Les recours contre les décisions prises par l’administration sur ces contestations sont portés dans le cas prévu au 1° devant le juge de l’exécution. Dans les cas prévus au 2°, ils sont portés :
a) Pour les créances fiscales, devant le juge de l’impôt prévu à l’article L. 199 ;
b) Pour les créances non 'scales de l’État, des établissements publics de l’État, de ses groupements d’intérêt public et des autorités publiques indépendantes, dotés d’un agent comptable, devant le juge de droit commun selon la nature de la créance ;
c) Pour les créances non 'scales des collectivités territoriales, des établissements publics locaux et des établissements publics de santé, devant le juge de l’exécution."
Ainsi que l’a constaté le premier juge, et que le constate à nouveau la cour d’appel, les contestations de Mme [E] portent non pas sur la régularité formelle de l’acte de mise en demeure mais sur l’existence même de la créance puisqu’elle remet en question l’obligation même au paiement tenant à une décision en date du 16 novembre 2016 rendu par le tribunal de Bolzano, en Italie. Mme [E], outre le fait qu’elle ne communique pas à la cour d’appel son assignation qui figure aux pièces de l’intimé, se borne à exposer qu’elle a formulé « les plus expresses réserves » quant à la procédure mise en 'uvre sans développer qu’elles sont ces réserves.
Ses contestations sont donc de la compétence exclusive du juge de l’impôt en application de l’article L199 du Livre des procédures fiscales qui dispose :
« En matière d’impôts directs et de taxes sur le chiffre d’affaires ou de taxes assimilées, les décisions rendues par l’administration sur les réclamations contentieuses et qui ne donnent pas entière satisfaction aux intéressés peuvent être portées devant le tribunal administratif.
Il en est de même pour les décisions intervenues en cas de contestation pour la fixation du montant des abonnements prévus à l’article 1700 du code général des impôts pour les établissements soumis à l’impôt sur les spectacles.

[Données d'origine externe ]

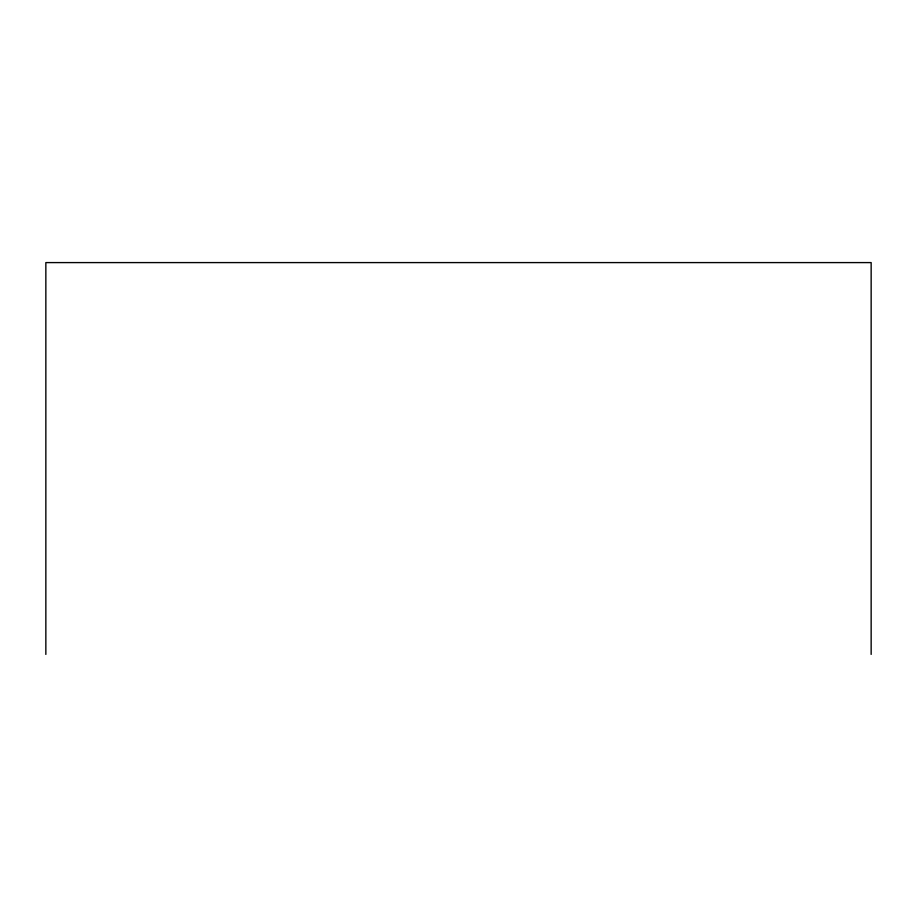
<?xml version="1.0" encoding="UTF-8"?>
<svg xmlns="http://www.w3.org/2000/svg" width="917" height="917" viewBox="0 0 917 917"><rect width="100%" height="100%" fill="white"/><g stroke="black" fill="none" stroke-linecap="round" stroke-linejoin="round"><path stroke-width="1.38" d="M871.15 654.406L871.15 262.594L45.85 262.594L45.85 654.406"/></g></svg>

En matière de droits d’enregistrement, d’impôt sur la fortune immobilière, de taxe de publicité foncière, de droits de timbre, de contributions indirectes et de taxes assimilées à ces droits, taxes ou contributions, le tribunal compétent est le tribunal judiciaire. Les tribunaux judiciaires statuent en premier ressort. Un décret en Conseil d’Etat fixe les modalités d’application. ''
En application de l’article R. 121-1 du Code des procédures civiles d’exécution, le juge de l’exécution peut relever d’office son incompétence.
En application de l’artic1e 81 du code de procédure civile : « Lorsque le juge estime que l’affaire relève de la compétence d’une juridiction répressive, administrative, arbitrale ou étrangère, il renvoie seulement les parties à mieux se pourvoir.
Dans tous les autres cas, le juge qui se déclare incompétent désigne la juridiction qu’il estime compétente. Cette désignation s’impose aux parties et au juge de renvoi. »
Le premier juge ayant fait une juste application des articles précités qui déterminent strictement la compétence du juge de l’exécution et celle du juge de l’impôt, la décision dont appel sera confirmée en toutes ses dispositions.
Sur les demandes accessoires :
Succombant à l’action, en application de l’article 696 du code de procédure civile, Mme [E] sera condamnée aux entiers dépens d’appel, outre la somme de 3 000 euros sur le fondement de l’article 700 du code de procédure civile.
PAR CES MOTIFS
LA COUR statuant publiquement, contradictoirement, par arrêt mis à disposition,
CONFIRME le jugement entrepris en toutes ses dispositions telles qu’elles ont été déférées devant la cour d’appel,
Y ajoutant,
CONDAMNE Mme [P] [E] à payer à la Direction Générale des Finances Publiques des créances spéciales du Trésor la somme de trois mille euros (3 000 €) sur le fondement de l’article 700 du Code de Procédure Civile,
CONDAMNE Mme [P] [E] aux entiers dépens d’appel.